C.4 Total kapang dan khamir

Jumlah kapang dan khamir di dalam contoh makanan dapat dihitung dengan metode
hitungan cawan menggunakan medium Potato Dextrose Agar (PDA). Jika di dalam contoh
diduga mengandung juga bakteri dalam jumlah tinggi, maka pertumbuhan bakteri dapat
dihambat dengan menambahkan asam tartrat 10% steril ke dalam PDA setelah sterilisasi.

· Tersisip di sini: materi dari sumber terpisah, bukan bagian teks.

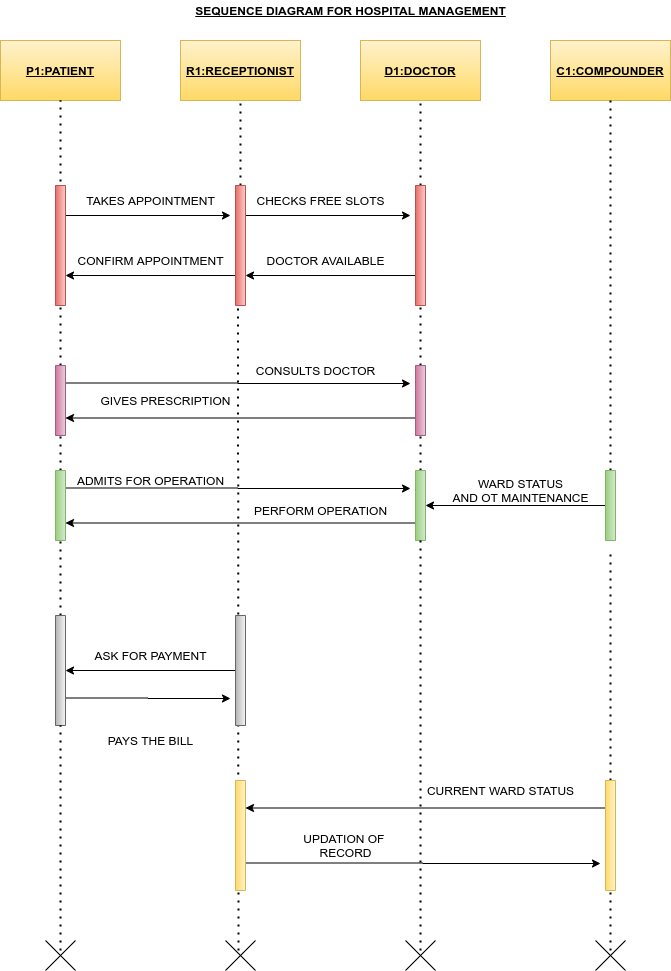

The diagram above was exported from draw.io. Its source (the exported page's mxGraphModel, read from the mxfile embedded in the PNG):
<mxGraphModel dx="868" dy="418" grid="1" gridSize="10" guides="1" tooltips="1" connect="1" arrows="1" fold="1" page="1" pageScale="1" pageWidth="850" pageHeight="1100" math="0" shadow="0">
  <root>
    <mxCell id="0" />
    <mxCell id="1" parent="0" />
    <mxCell id="Gqr4Dk82pT191VppAjwy-1" value="&lt;u&gt;&lt;b&gt;P1:PATIENT&lt;/b&gt;&lt;/u&gt;" style="rounded=0;whiteSpace=wrap;html=1;gradientColor=#ffd966;fillColor=#fff2cc;strokeColor=#d6b656;" parent="1" vertex="1">
      <mxGeometry x="60" y="60" width="120" height="60" as="geometry" />
    </mxCell>
    <mxCell id="Gqr4Dk82pT191VppAjwy-3" value="&lt;u&gt;&lt;b&gt;R1:RECEPTIONIST&lt;/b&gt;&lt;/u&gt;" style="rounded=0;whiteSpace=wrap;html=1;gradientColor=#ffd966;fillColor=#fff2cc;strokeColor=#d6b656;" parent="1" vertex="1">
      <mxGeometry x="240" y="60" width="120" height="60" as="geometry" />
    </mxCell>
    <mxCell id="Gqr4Dk82pT191VppAjwy-4" value="&lt;font face=&quot;helvetica&quot;&gt;&lt;u&gt;&lt;b&gt;D1:DOCTOR&lt;/b&gt;&lt;/u&gt;&lt;/font&gt;" style="rounded=0;whiteSpace=wrap;html=1;gradientColor=#ffd966;fillColor=#fff2cc;strokeColor=#d6b656;" parent="1" vertex="1">
      <mxGeometry x="420" y="60" width="120" height="60" as="geometry" />
    </mxCell>
    <mxCell id="Gqr4Dk82pT191VppAjwy-5" value="&lt;u&gt;&lt;b&gt;C1:COMPOUNDER&lt;/b&gt;&lt;/u&gt;" style="rounded=0;whiteSpace=wrap;html=1;gradientColor=#ffd966;fillColor=#fff2cc;strokeColor=#d6b656;" parent="1" vertex="1">
      <mxGeometry x="610" y="60" width="120" height="60" as="geometry" />
    </mxCell>
    <mxCell id="Gqr4Dk82pT191VppAjwy-6" value="" style="endArrow=none;dashed=1;html=1;dashPattern=1 3;strokeWidth=2;entryX=0.5;entryY=1;entryDx=0;entryDy=0;" parent="1" source="Gqr4Dk82pT191VppAjwy-25" target="Gqr4Dk82pT191VppAjwy-1" edge="1">
      <mxGeometry width="50" height="50" relative="1" as="geometry">
        <mxPoint x="120" y="804.7999877929688" as="sourcePoint" />
        <mxPoint x="450" y="270" as="targetPoint" />
      </mxGeometry>
    </mxCell>
    <mxCell id="Gqr4Dk82pT191VppAjwy-8" value="" style="endArrow=none;dashed=1;html=1;dashPattern=1 3;strokeWidth=2;entryX=0.5;entryY=1;entryDx=0;entryDy=0;" parent="1" source="Gqr4Dk82pT191VppAjwy-14" target="Gqr4Dk82pT191VppAjwy-3" edge="1">
      <mxGeometry width="50" height="50" relative="1" as="geometry">
        <mxPoint x="300" y="800" as="sourcePoint" />
        <mxPoint x="130" y="130" as="targetPoint" />
      </mxGeometry>
    </mxCell>
    <mxCell id="Gqr4Dk82pT191VppAjwy-9" value="" style="endArrow=none;dashed=1;html=1;dashPattern=1 3;strokeWidth=2;entryX=0.5;entryY=1;entryDx=0;entryDy=0;" parent="1" source="Gqr4Dk82pT191VppAjwy-13" target="Gqr4Dk82pT191VppAjwy-4" edge="1">
      <mxGeometry width="50" height="50" relative="1" as="geometry">
        <mxPoint x="480" y="800" as="sourcePoint" />
        <mxPoint x="310" y="130" as="targetPoint" />
      </mxGeometry>
    </mxCell>
    <mxCell id="Gqr4Dk82pT191VppAjwy-10" value="" style="endArrow=none;dashed=1;html=1;dashPattern=1 3;strokeWidth=2;entryX=0.5;entryY=1;entryDx=0;entryDy=0;" parent="1" source="Gqr4Dk82pT191VppAjwy-42" target="Gqr4Dk82pT191VppAjwy-5" edge="1">
      <mxGeometry width="50" height="50" relative="1" as="geometry">
        <mxPoint x="670" y="790" as="sourcePoint" />
        <mxPoint x="490" y="130" as="targetPoint" />
      </mxGeometry>
    </mxCell>
    <mxCell id="Gqr4Dk82pT191VppAjwy-50" style="edgeStyle=orthogonalEdgeStyle;rounded=0;orthogonalLoop=1;jettySize=auto;html=1;exitX=0.25;exitY=0;exitDx=0;exitDy=0;" parent="1" source="Gqr4Dk82pT191VppAjwy-11" edge="1">
      <mxGeometry relative="1" as="geometry">
        <mxPoint x="290" y="235" as="targetPoint" />
      </mxGeometry>
    </mxCell>
    <mxCell id="Gqr4Dk82pT191VppAjwy-11" value="" style="rounded=0;whiteSpace=wrap;html=1;rotation=90;gradientColor=#ea6b66;fillColor=#f8cecc;strokeColor=#b85450;" parent="1" vertex="1">
      <mxGeometry x="60" y="260" width="120" height="10" as="geometry" />
    </mxCell>
    <mxCell id="Gqr4Dk82pT191VppAjwy-51" style="edgeStyle=orthogonalEdgeStyle;rounded=0;orthogonalLoop=1;jettySize=auto;html=1;exitX=0.75;exitY=1;exitDx=0;exitDy=0;entryX=0.75;entryY=0;entryDx=0;entryDy=0;" parent="1" source="Gqr4Dk82pT191VppAjwy-14" target="Gqr4Dk82pT191VppAjwy-11" edge="1">
      <mxGeometry relative="1" as="geometry" />
    </mxCell>
    <mxCell id="Gqr4Dk82pT191VppAjwy-52" style="edgeStyle=orthogonalEdgeStyle;rounded=0;orthogonalLoop=1;jettySize=auto;html=1;exitX=0.25;exitY=0;exitDx=0;exitDy=0;" parent="1" source="Gqr4Dk82pT191VppAjwy-14" edge="1">
      <mxGeometry relative="1" as="geometry">
        <mxPoint x="470" y="235" as="targetPoint" />
      </mxGeometry>
    </mxCell>
    <mxCell id="Gqr4Dk82pT191VppAjwy-14" value="" style="rounded=0;whiteSpace=wrap;html=1;rotation=90;gradientColor=#ea6b66;fillColor=#f8cecc;strokeColor=#b85450;" parent="1" vertex="1">
      <mxGeometry x="240" y="260" width="120" height="10" as="geometry" />
    </mxCell>
    <mxCell id="Gqr4Dk82pT191VppAjwy-53" style="edgeStyle=orthogonalEdgeStyle;rounded=0;orthogonalLoop=1;jettySize=auto;html=1;exitX=0.75;exitY=1;exitDx=0;exitDy=0;entryX=0.75;entryY=0;entryDx=0;entryDy=0;" parent="1" source="Gqr4Dk82pT191VppAjwy-13" target="Gqr4Dk82pT191VppAjwy-14" edge="1">
      <mxGeometry relative="1" as="geometry" />
    </mxCell>
    <mxCell id="Gqr4Dk82pT191VppAjwy-13" value="" style="rounded=0;whiteSpace=wrap;html=1;rotation=90;gradientColor=#ea6b66;fillColor=#f8cecc;strokeColor=#b85450;" parent="1" vertex="1">
      <mxGeometry x="420" y="260" width="120" height="10" as="geometry" />
    </mxCell>
    <mxCell id="Gqr4Dk82pT191VppAjwy-22" value="" style="endArrow=none;dashed=1;html=1;dashPattern=1 3;strokeWidth=2;entryX=1;entryY=0.5;entryDx=0;entryDy=0;" parent="1" source="Gqr4Dk82pT191VppAjwy-31" target="Gqr4Dk82pT191VppAjwy-13" edge="1">
      <mxGeometry width="50" height="50" relative="1" as="geometry">
        <mxPoint x="480" y="800" as="sourcePoint" />
        <mxPoint x="475" y="330" as="targetPoint" />
      </mxGeometry>
    </mxCell>
    <mxCell id="Gqr4Dk82pT191VppAjwy-54" style="edgeStyle=orthogonalEdgeStyle;rounded=0;orthogonalLoop=1;jettySize=auto;html=1;exitX=0.25;exitY=0;exitDx=0;exitDy=0;" parent="1" source="Gqr4Dk82pT191VppAjwy-25" edge="1">
      <mxGeometry relative="1" as="geometry">
        <mxPoint x="470" y="403" as="targetPoint" />
      </mxGeometry>
    </mxCell>
    <mxCell id="Gqr4Dk82pT191VppAjwy-25" value="" style="rounded=0;whiteSpace=wrap;html=1;rotation=90;gradientColor=#d5739d;fillColor=#e6d0de;strokeColor=#996185;" parent="1" vertex="1">
      <mxGeometry x="85" y="415" width="70" height="10" as="geometry" />
    </mxCell>
    <mxCell id="Gqr4Dk82pT191VppAjwy-27" value="" style="endArrow=none;dashed=1;html=1;dashPattern=1 3;strokeWidth=2;entryX=1;entryY=0.5;entryDx=0;entryDy=0;" parent="1" source="Gqr4Dk82pT191VppAjwy-33" target="Gqr4Dk82pT191VppAjwy-25" edge="1">
      <mxGeometry width="50" height="50" relative="1" as="geometry">
        <mxPoint x="120" y="804.7999877929688" as="sourcePoint" />
        <mxPoint x="115" y="460" as="targetPoint" />
      </mxGeometry>
    </mxCell>
    <mxCell id="Gqr4Dk82pT191VppAjwy-55" style="edgeStyle=orthogonalEdgeStyle;rounded=0;orthogonalLoop=1;jettySize=auto;html=1;exitX=0.75;exitY=1;exitDx=0;exitDy=0;entryX=0.75;entryY=0;entryDx=0;entryDy=0;" parent="1" source="Gqr4Dk82pT191VppAjwy-31" target="Gqr4Dk82pT191VppAjwy-25" edge="1">
      <mxGeometry relative="1" as="geometry" />
    </mxCell>
    <mxCell id="Gqr4Dk82pT191VppAjwy-31" value="" style="rounded=0;whiteSpace=wrap;html=1;rotation=90;gradientColor=#d5739d;fillColor=#e6d0de;strokeColor=#996185;" parent="1" vertex="1">
      <mxGeometry x="445" y="415" width="70" height="10" as="geometry" />
    </mxCell>
    <mxCell id="Gqr4Dk82pT191VppAjwy-32" value="" style="endArrow=none;dashed=1;html=1;dashPattern=1 3;strokeWidth=2;entryX=1;entryY=0.5;entryDx=0;entryDy=0;" parent="1" source="Gqr4Dk82pT191VppAjwy-39" target="Gqr4Dk82pT191VppAjwy-31" edge="1">
      <mxGeometry width="50" height="50" relative="1" as="geometry">
        <mxPoint x="480" y="800" as="sourcePoint" />
        <mxPoint x="475" y="460" as="targetPoint" />
      </mxGeometry>
    </mxCell>
    <mxCell id="Gqr4Dk82pT191VppAjwy-56" style="edgeStyle=orthogonalEdgeStyle;rounded=0;orthogonalLoop=1;jettySize=auto;html=1;exitX=0.25;exitY=0;exitDx=0;exitDy=0;" parent="1" source="Gqr4Dk82pT191VppAjwy-33" edge="1">
      <mxGeometry relative="1" as="geometry">
        <mxPoint x="470" y="508" as="targetPoint" />
      </mxGeometry>
    </mxCell>
    <mxCell id="Gqr4Dk82pT191VppAjwy-33" value="" style="rounded=0;whiteSpace=wrap;html=1;rotation=90;gradientColor=#97d077;fillColor=#d5e8d4;strokeColor=#82b366;" parent="1" vertex="1">
      <mxGeometry x="85" y="520" width="70" height="10" as="geometry" />
    </mxCell>
    <mxCell id="Gqr4Dk82pT191VppAjwy-34" value="" style="endArrow=none;dashed=1;html=1;dashPattern=1 3;strokeWidth=2;entryX=1;entryY=0.5;entryDx=0;entryDy=0;" parent="1" source="Gqr4Dk82pT191VppAjwy-44" target="Gqr4Dk82pT191VppAjwy-33" edge="1">
      <mxGeometry width="50" height="50" relative="1" as="geometry">
        <mxPoint x="120" y="804.7999877929688" as="sourcePoint" />
        <mxPoint x="115" y="420" as="targetPoint" />
      </mxGeometry>
    </mxCell>
    <mxCell id="Gqr4Dk82pT191VppAjwy-57" style="edgeStyle=orthogonalEdgeStyle;rounded=0;orthogonalLoop=1;jettySize=auto;html=1;exitX=0.75;exitY=1;exitDx=0;exitDy=0;entryX=0.75;entryY=0;entryDx=0;entryDy=0;" parent="1" source="Gqr4Dk82pT191VppAjwy-39" target="Gqr4Dk82pT191VppAjwy-33" edge="1">
      <mxGeometry relative="1" as="geometry" />
    </mxCell>
    <mxCell id="Gqr4Dk82pT191VppAjwy-39" value="" style="rounded=0;whiteSpace=wrap;html=1;rotation=90;gradientColor=#97d077;fillColor=#d5e8d4;strokeColor=#82b366;" parent="1" vertex="1">
      <mxGeometry x="445" y="520" width="70" height="10" as="geometry" />
    </mxCell>
    <mxCell id="Gqr4Dk82pT191VppAjwy-40" value="" style="endArrow=none;dashed=1;html=1;dashPattern=1 3;strokeWidth=2;entryX=1;entryY=0.5;entryDx=0;entryDy=0;" parent="1" target="Gqr4Dk82pT191VppAjwy-39" edge="1">
      <mxGeometry width="50" height="50" relative="1" as="geometry">
        <mxPoint x="480" y="970" as="sourcePoint" />
        <mxPoint x="475" y="420" as="targetPoint" />
      </mxGeometry>
    </mxCell>
    <mxCell id="Gqr4Dk82pT191VppAjwy-73" style="edgeStyle=orthogonalEdgeStyle;rounded=0;orthogonalLoop=1;jettySize=auto;html=1;entryX=0.5;entryY=0;entryDx=0;entryDy=0;" parent="1" source="Gqr4Dk82pT191VppAjwy-42" target="Gqr4Dk82pT191VppAjwy-39" edge="1">
      <mxGeometry relative="1" as="geometry" />
    </mxCell>
    <mxCell id="Gqr4Dk82pT191VppAjwy-42" value="" style="rounded=0;whiteSpace=wrap;html=1;rotation=90;gradientColor=#97d077;fillColor=#d5e8d4;strokeColor=#82b366;" parent="1" vertex="1">
      <mxGeometry x="635" y="520" width="70" height="10" as="geometry" />
    </mxCell>
    <mxCell id="Gqr4Dk82pT191VppAjwy-43" value="" style="endArrow=none;dashed=1;html=1;dashPattern=1 3;strokeWidth=2;" parent="1" source="Gqr4Dk82pT191VppAjwy-85" edge="1">
      <mxGeometry width="50" height="50" relative="1" as="geometry">
        <mxPoint x="670" y="940" as="sourcePoint" />
        <mxPoint x="670" y="570" as="targetPoint" />
      </mxGeometry>
    </mxCell>
    <mxCell id="Gqr4Dk82pT191VppAjwy-82" style="edgeStyle=orthogonalEdgeStyle;rounded=0;orthogonalLoop=1;jettySize=auto;html=1;exitX=0.75;exitY=0;exitDx=0;exitDy=0;" parent="1" source="Gqr4Dk82pT191VppAjwy-44" edge="1">
      <mxGeometry relative="1" as="geometry">
        <mxPoint x="290" y="718" as="targetPoint" />
      </mxGeometry>
    </mxCell>
    <mxCell id="Gqr4Dk82pT191VppAjwy-44" value="" style="rounded=0;whiteSpace=wrap;html=1;rotation=90;gradientColor=#b3b3b3;fillColor=#f5f5f5;strokeColor=#666666;" parent="1" vertex="1">
      <mxGeometry x="65" y="685" width="110" height="10" as="geometry" />
    </mxCell>
    <mxCell id="Gqr4Dk82pT191VppAjwy-45" value="" style="endArrow=none;dashed=1;html=1;dashPattern=1 3;strokeWidth=2;entryX=1;entryY=0.5;entryDx=0;entryDy=0;" parent="1" target="Gqr4Dk82pT191VppAjwy-44" edge="1">
      <mxGeometry width="50" height="50" relative="1" as="geometry">
        <mxPoint x="120" y="970" as="sourcePoint" />
        <mxPoint x="115" y="525" as="targetPoint" />
      </mxGeometry>
    </mxCell>
    <mxCell id="Gqr4Dk82pT191VppAjwy-48" value="" style="endArrow=none;dashed=1;html=1;dashPattern=1 3;strokeWidth=2;entryX=1;entryY=0.75;entryDx=0;entryDy=0;" parent="1" target="Gqr4Dk82pT191VppAjwy-14" edge="1">
      <mxGeometry width="50" height="50" relative="1" as="geometry">
        <mxPoint x="298" y="970" as="sourcePoint" />
        <mxPoint x="450" y="560" as="targetPoint" />
      </mxGeometry>
    </mxCell>
    <mxCell id="Gqr4Dk82pT191VppAjwy-83" style="edgeStyle=orthogonalEdgeStyle;rounded=0;orthogonalLoop=1;jettySize=auto;html=1;exitX=0.5;exitY=1;exitDx=0;exitDy=0;entryX=0.5;entryY=0;entryDx=0;entryDy=0;" parent="1" source="Gqr4Dk82pT191VppAjwy-49" target="Gqr4Dk82pT191VppAjwy-44" edge="1">
      <mxGeometry relative="1" as="geometry" />
    </mxCell>
    <mxCell id="Gqr4Dk82pT191VppAjwy-49" value="" style="rounded=0;whiteSpace=wrap;html=1;rotation=90;gradientColor=#b3b3b3;fillColor=#f5f5f5;strokeColor=#666666;" parent="1" vertex="1">
      <mxGeometry x="245" y="685" width="110" height="10" as="geometry" />
    </mxCell>
    <mxCell id="Gqr4Dk82pT191VppAjwy-62" value="TAKES APPOINTMENT" style="text;html=1;align=center;verticalAlign=middle;resizable=0;points=[];autosize=1;" parent="1" vertex="1">
      <mxGeometry x="140" y="210" width="140" height="20" as="geometry" />
    </mxCell>
    <mxCell id="Gqr4Dk82pT191VppAjwy-63" value="CHECKS FREE SLOTS" style="text;html=1;align=center;verticalAlign=middle;resizable=0;points=[];autosize=1;" parent="1" vertex="1">
      <mxGeometry x="310" y="210" width="140" height="20" as="geometry" />
    </mxCell>
    <mxCell id="Gqr4Dk82pT191VppAjwy-65" value="CONFIRM APPOINTMENT" style="text;html=1;align=center;verticalAlign=middle;resizable=0;points=[];autosize=1;" parent="1" vertex="1">
      <mxGeometry x="130" y="270" width="160" height="20" as="geometry" />
    </mxCell>
    <mxCell id="Gqr4Dk82pT191VppAjwy-66" value="DOCTOR AVAILABLE" style="text;html=1;align=center;verticalAlign=middle;resizable=0;points=[];autosize=1;" parent="1" vertex="1">
      <mxGeometry x="320" y="270" width="130" height="20" as="geometry" />
    </mxCell>
    <mxCell id="Gqr4Dk82pT191VppAjwy-67" value="CONSULTS DOCTOR" style="text;html=1;align=center;verticalAlign=middle;resizable=0;points=[];autosize=1;" parent="1" vertex="1">
      <mxGeometry x="310" y="380" width="130" height="20" as="geometry" />
    </mxCell>
    <mxCell id="Gqr4Dk82pT191VppAjwy-68" value="GIVES PRESCRIPTION" style="text;html=1;align=center;verticalAlign=middle;resizable=0;points=[];autosize=1;" parent="1" vertex="1">
      <mxGeometry x="150" y="410" width="150" height="20" as="geometry" />
    </mxCell>
    <mxCell id="Gqr4Dk82pT191VppAjwy-74" value="WARD STATUS&lt;br&gt;AND OT MAINTENANCE" style="text;html=1;align=center;verticalAlign=middle;resizable=0;points=[];autosize=1;" parent="1" vertex="1">
      <mxGeometry x="505" y="495" width="150" height="30" as="geometry" />
    </mxCell>
    <mxCell id="Gqr4Dk82pT191VppAjwy-75" value="ADMITS FOR OPERATION" style="text;html=1;align=center;verticalAlign=middle;resizable=0;points=[];autosize=1;" parent="1" vertex="1">
      <mxGeometry x="130" y="490" width="160" height="20" as="geometry" />
    </mxCell>
    <mxCell id="Gqr4Dk82pT191VppAjwy-76" value="PERFORM OPERATION" style="text;html=1;align=center;verticalAlign=middle;resizable=0;points=[];autosize=1;" parent="1" vertex="1">
      <mxGeometry x="305" y="520" width="150" height="20" as="geometry" />
    </mxCell>
    <mxCell id="Gqr4Dk82pT191VppAjwy-79" value="ASK FOR PAYMENT" style="text;html=1;align=center;verticalAlign=middle;resizable=0;points=[];autosize=1;" parent="1" vertex="1">
      <mxGeometry x="145" y="665" width="130" height="20" as="geometry" />
    </mxCell>
    <mxCell id="Gqr4Dk82pT191VppAjwy-80" value="PAYS THE BILL" style="text;html=1;align=center;verticalAlign=middle;resizable=0;points=[];autosize=1;" parent="1" vertex="1">
      <mxGeometry x="160" y="750" width="100" height="20" as="geometry" />
    </mxCell>
    <mxCell id="Gqr4Dk82pT191VppAjwy-89" style="edgeStyle=orthogonalEdgeStyle;rounded=0;orthogonalLoop=1;jettySize=auto;html=1;exitX=0.75;exitY=0;exitDx=0;exitDy=0;" parent="1" source="Gqr4Dk82pT191VppAjwy-84" edge="1">
      <mxGeometry relative="1" as="geometry">
        <mxPoint x="660" y="883" as="targetPoint" />
      </mxGeometry>
    </mxCell>
    <mxCell id="Gqr4Dk82pT191VppAjwy-84" value="" style="rounded=0;whiteSpace=wrap;html=1;rotation=90;gradientColor=#ffd966;fillColor=#fff2cc;strokeColor=#d6b656;" parent="1" vertex="1">
      <mxGeometry x="245" y="850" width="110" height="10" as="geometry" />
    </mxCell>
    <mxCell id="Gqr4Dk82pT191VppAjwy-87" style="edgeStyle=orthogonalEdgeStyle;rounded=0;orthogonalLoop=1;jettySize=auto;html=1;exitX=0.25;exitY=1;exitDx=0;exitDy=0;entryX=0.25;entryY=0;entryDx=0;entryDy=0;" parent="1" source="Gqr4Dk82pT191VppAjwy-85" target="Gqr4Dk82pT191VppAjwy-84" edge="1">
      <mxGeometry relative="1" as="geometry" />
    </mxCell>
    <mxCell id="Gqr4Dk82pT191VppAjwy-85" value="" style="rounded=0;whiteSpace=wrap;html=1;rotation=90;gradientColor=#ffd966;fillColor=#fff2cc;strokeColor=#d6b656;" parent="1" vertex="1">
      <mxGeometry x="615" y="850" width="110" height="10" as="geometry" />
    </mxCell>
    <mxCell id="Gqr4Dk82pT191VppAjwy-86" value="" style="endArrow=none;dashed=1;html=1;dashPattern=1 3;strokeWidth=2;" parent="1" target="Gqr4Dk82pT191VppAjwy-85" edge="1">
      <mxGeometry width="50" height="50" relative="1" as="geometry">
        <mxPoint x="670" y="970" as="sourcePoint" />
        <mxPoint x="670" y="570" as="targetPoint" />
      </mxGeometry>
    </mxCell>
    <mxCell id="Gqr4Dk82pT191VppAjwy-88" value="CURRENT WARD STATUS" style="text;html=1;align=center;verticalAlign=middle;resizable=0;points=[];autosize=1;" parent="1" vertex="1">
      <mxGeometry x="480" y="800" width="160" height="20" as="geometry" />
    </mxCell>
    <mxCell id="Gqr4Dk82pT191VppAjwy-90" value="UPDATION OF &lt;br&gt;RECORD" style="text;html=1;align=center;verticalAlign=middle;resizable=0;points=[];autosize=1;" parent="1" vertex="1">
      <mxGeometry x="355" y="850" width="100" height="30" as="geometry" />
    </mxCell>
    <mxCell id="Gqr4Dk82pT191VppAjwy-91" value="" style="shape=umlDestroy;" parent="1" vertex="1">
      <mxGeometry x="105" y="960" width="30" height="30" as="geometry" />
    </mxCell>
    <mxCell id="Gqr4Dk82pT191VppAjwy-92" value="" style="shape=umlDestroy;" parent="1" vertex="1">
      <mxGeometry x="285" y="960" width="30" height="30" as="geometry" />
    </mxCell>
    <mxCell id="Gqr4Dk82pT191VppAjwy-93" value="" style="shape=umlDestroy;" parent="1" vertex="1">
      <mxGeometry x="465" y="960" width="30" height="30" as="geometry" />
    </mxCell>
    <mxCell id="Gqr4Dk82pT191VppAjwy-94" value="" style="shape=umlDestroy;" parent="1" vertex="1">
      <mxGeometry x="655" y="960" width="30" height="30" as="geometry" />
    </mxCell>
    <mxCell id="Gqr4Dk82pT191VppAjwy-95" value="&lt;b&gt;&lt;u&gt;SEQUENCE DIAGRAM FOR HOSPITAL MANAGEMENT&lt;/u&gt;&lt;/b&gt;" style="text;html=1;align=center;verticalAlign=middle;resizable=0;points=[];autosize=1;" parent="1" vertex="1">
      <mxGeometry x="245" y="20" width="330" height="20" as="geometry" />
    </mxCell>
  </root>
</mxGraphModel>

Jumlah yang ditambahkan biasanya 1 ml asam tartrat 10% ke dalam setiap 100 ml PDA steril

PDA adalah suatu medium yang mengandung sumber karbohidrat dalam jumlah
cukup, yaitu Terdiri dari 20% ekstrak kentang dan 2% glukosa, sehingga baik untuk
pertumbuhan kapang dan Khamir tetapi kurang baik untuk pertumbuhan bakteri. Akan
tetapi karena beberapa bakteri juga memfermentasi karbohidrat dan menggunakannya
sebagai sumber energi, maka beberapa bakteri masih mungkin tumbuh pada PDA. Dengan
menurunkan pH PDA menjadi kira-kira 3,5, pertumbuhan bakteri akan terhambat karena
pada umumnya bakteri tidak dapat tumbuh.